# YOUR GOAL:
Please copy out the full listing that follows exactly; no picture belongs in the copy.

# MATERIAL SUPPLIED:
:::::

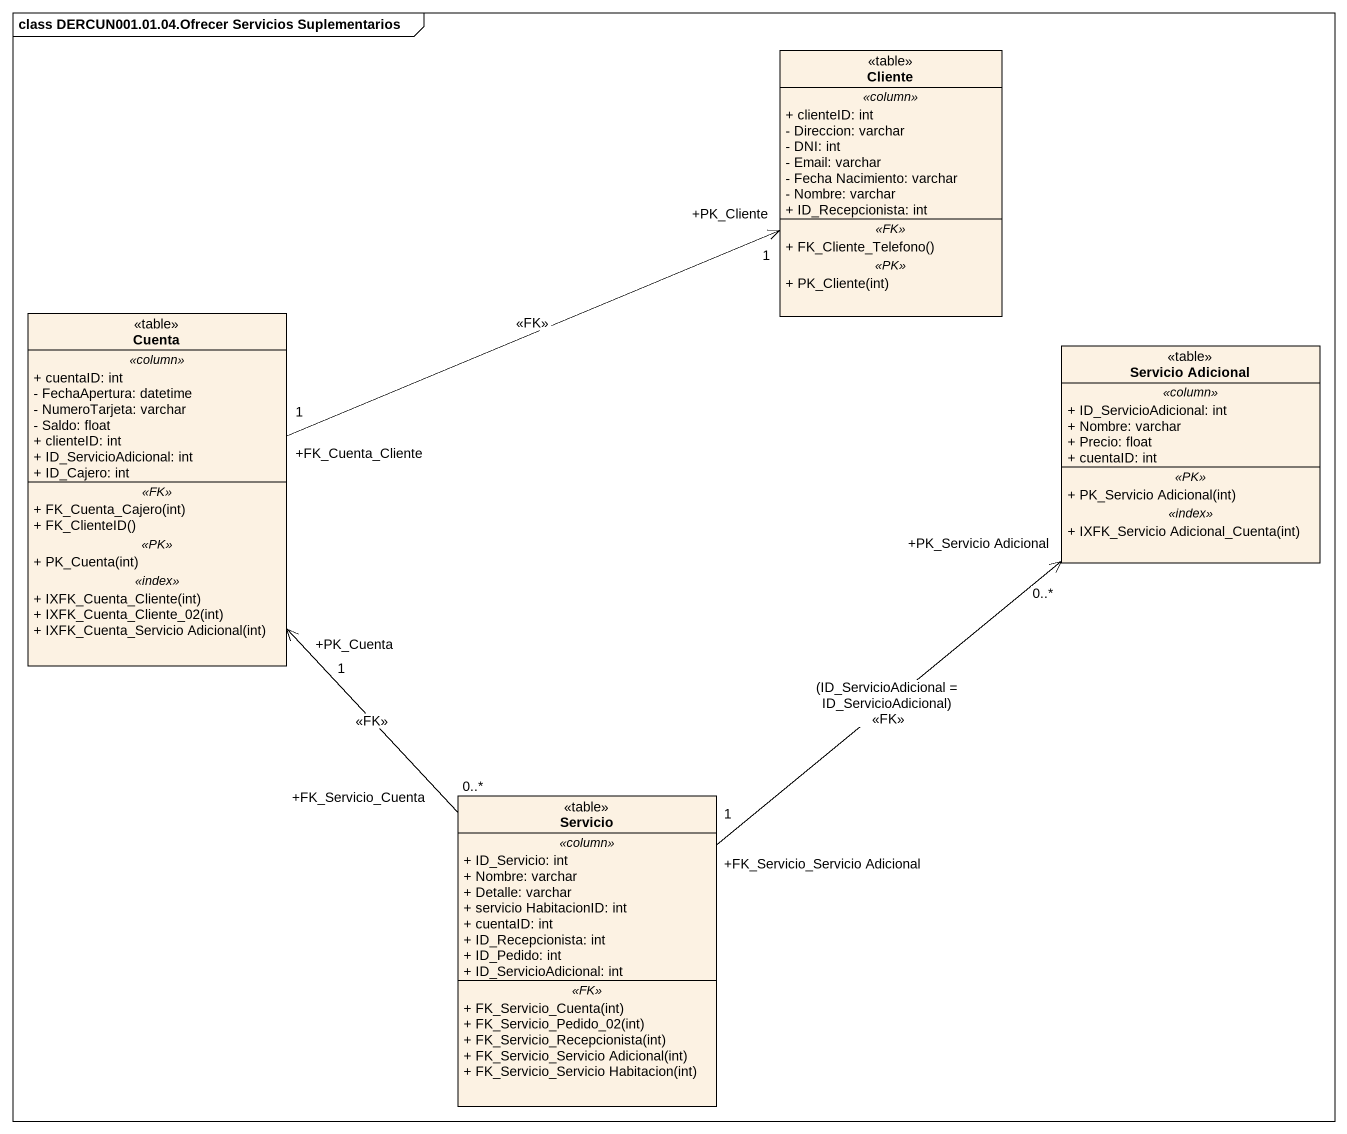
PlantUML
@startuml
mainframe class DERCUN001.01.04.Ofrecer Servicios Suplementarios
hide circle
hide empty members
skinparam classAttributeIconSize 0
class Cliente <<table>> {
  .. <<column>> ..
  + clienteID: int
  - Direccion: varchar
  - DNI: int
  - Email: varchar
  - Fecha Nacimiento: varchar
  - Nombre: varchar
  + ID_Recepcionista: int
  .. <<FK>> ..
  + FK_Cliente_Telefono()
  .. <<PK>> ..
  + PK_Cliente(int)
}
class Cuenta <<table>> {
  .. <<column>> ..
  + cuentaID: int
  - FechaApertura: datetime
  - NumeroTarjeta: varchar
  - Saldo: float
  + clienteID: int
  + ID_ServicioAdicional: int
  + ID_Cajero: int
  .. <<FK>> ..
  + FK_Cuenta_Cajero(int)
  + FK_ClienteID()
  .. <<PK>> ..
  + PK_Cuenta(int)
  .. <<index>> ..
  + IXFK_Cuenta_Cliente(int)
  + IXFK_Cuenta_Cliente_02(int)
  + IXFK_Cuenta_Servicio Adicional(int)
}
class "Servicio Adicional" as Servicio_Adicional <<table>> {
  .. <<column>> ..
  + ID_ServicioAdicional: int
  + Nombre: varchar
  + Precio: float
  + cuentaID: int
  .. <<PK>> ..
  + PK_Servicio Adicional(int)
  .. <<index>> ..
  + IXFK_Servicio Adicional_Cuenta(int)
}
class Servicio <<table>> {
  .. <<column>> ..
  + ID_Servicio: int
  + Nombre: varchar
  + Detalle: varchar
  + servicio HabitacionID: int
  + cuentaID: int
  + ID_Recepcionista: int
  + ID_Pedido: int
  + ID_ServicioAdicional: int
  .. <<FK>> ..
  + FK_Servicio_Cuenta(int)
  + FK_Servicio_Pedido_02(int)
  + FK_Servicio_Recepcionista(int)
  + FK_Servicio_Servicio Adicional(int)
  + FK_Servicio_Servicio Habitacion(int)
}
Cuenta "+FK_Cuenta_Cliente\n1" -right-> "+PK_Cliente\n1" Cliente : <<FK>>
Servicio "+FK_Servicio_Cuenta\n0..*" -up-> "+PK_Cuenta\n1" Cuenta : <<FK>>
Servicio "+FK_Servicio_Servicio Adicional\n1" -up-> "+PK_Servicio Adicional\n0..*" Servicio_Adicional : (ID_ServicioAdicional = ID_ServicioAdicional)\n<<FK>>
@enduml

:::::

# ANSWER FOR THIS EXERCISE:
PlantUML
@startuml
mainframe class DERCUN001.01.04.Ofrecer Servicios Suplementarios
hide circle
hide empty members
skinparam classAttributeIconSize 0
class Cliente <<table>> {
  .. <<column>> ..
  + clienteID: int
  - Direccion: varchar
  - DNI: int
  - Email: varchar
  - Fecha Nacimiento: varchar
  - Nombre: varchar
  + ID_Recepcionista: int
  .. <<FK>> ..
  + FK_Cliente_Telefono()
  .. <<PK>> ..
  + PK_Cliente(int)
}
class Cuenta <<table>> {
  .. <<column>> ..
  + cuentaID: int
  - FechaApertura: datetime
  - NumeroTarjeta: varchar
  - Saldo: float
  + clienteID: int
  + ID_ServicioAdicional: int
  + ID_Cajero: int
  .. <<FK>> ..
  + FK_Cuenta_Cajero(int)
  + FK_ClienteID()
  .. <<PK>> ..
  + PK_Cuenta(int)
  .. <<index>> ..
  + IXFK_Cuenta_Cliente(int)
  + IXFK_Cuenta_Cliente_02(int)
  + IXFK_Cuenta_Servicio Adicional(int)
}
class "Servicio Adicional" as Servicio_Adicional <<table>> {
  .. <<column>> ..
  + ID_ServicioAdicional: int
  + Nombre: varchar
  + Precio: float
  + cuentaID: int
  .. <<PK>> ..
  + PK_Servicio Adicional(int)
  .. <<index>> ..
  + IXFK_Servicio Adicional_Cuenta(int)
}
class Servicio <<table>> {
  .. <<column>> ..
  + ID_Servicio: int
  + Nombre: varchar
  + Detalle: varchar
  + servicio HabitacionID: int
  + cuentaID: int
  + ID_Recepcionista: int
  + ID_Pedido: int
  + ID_ServicioAdicional: int
  .. <<FK>> ..
  + FK_Servicio_Cuenta(int)
  + FK_Servicio_Pedido_02(int)
  + FK_Servicio_Recepcionista(int)
  + FK_Servicio_Servicio Adicional(int)
  + FK_Servicio_Servicio Habitacion(int)
}
Cuenta "+FK_Cuenta_Cliente\n1" -right-> "+PK_Cliente\n1" Cliente : <<FK>>
Servicio "+FK_Servicio_Cuenta\n0..*" -up-> "+PK_Cuenta\n1" Cuenta : <<FK>>
Servicio "+FK_Servicio_Servicio Adicional\n1" -up-> "+PK_Servicio Adicional\n0..*" Servicio_Adicional : (ID_ServicioAdicional = ID_ServicioAdicional)\n<<FK>>
@enduml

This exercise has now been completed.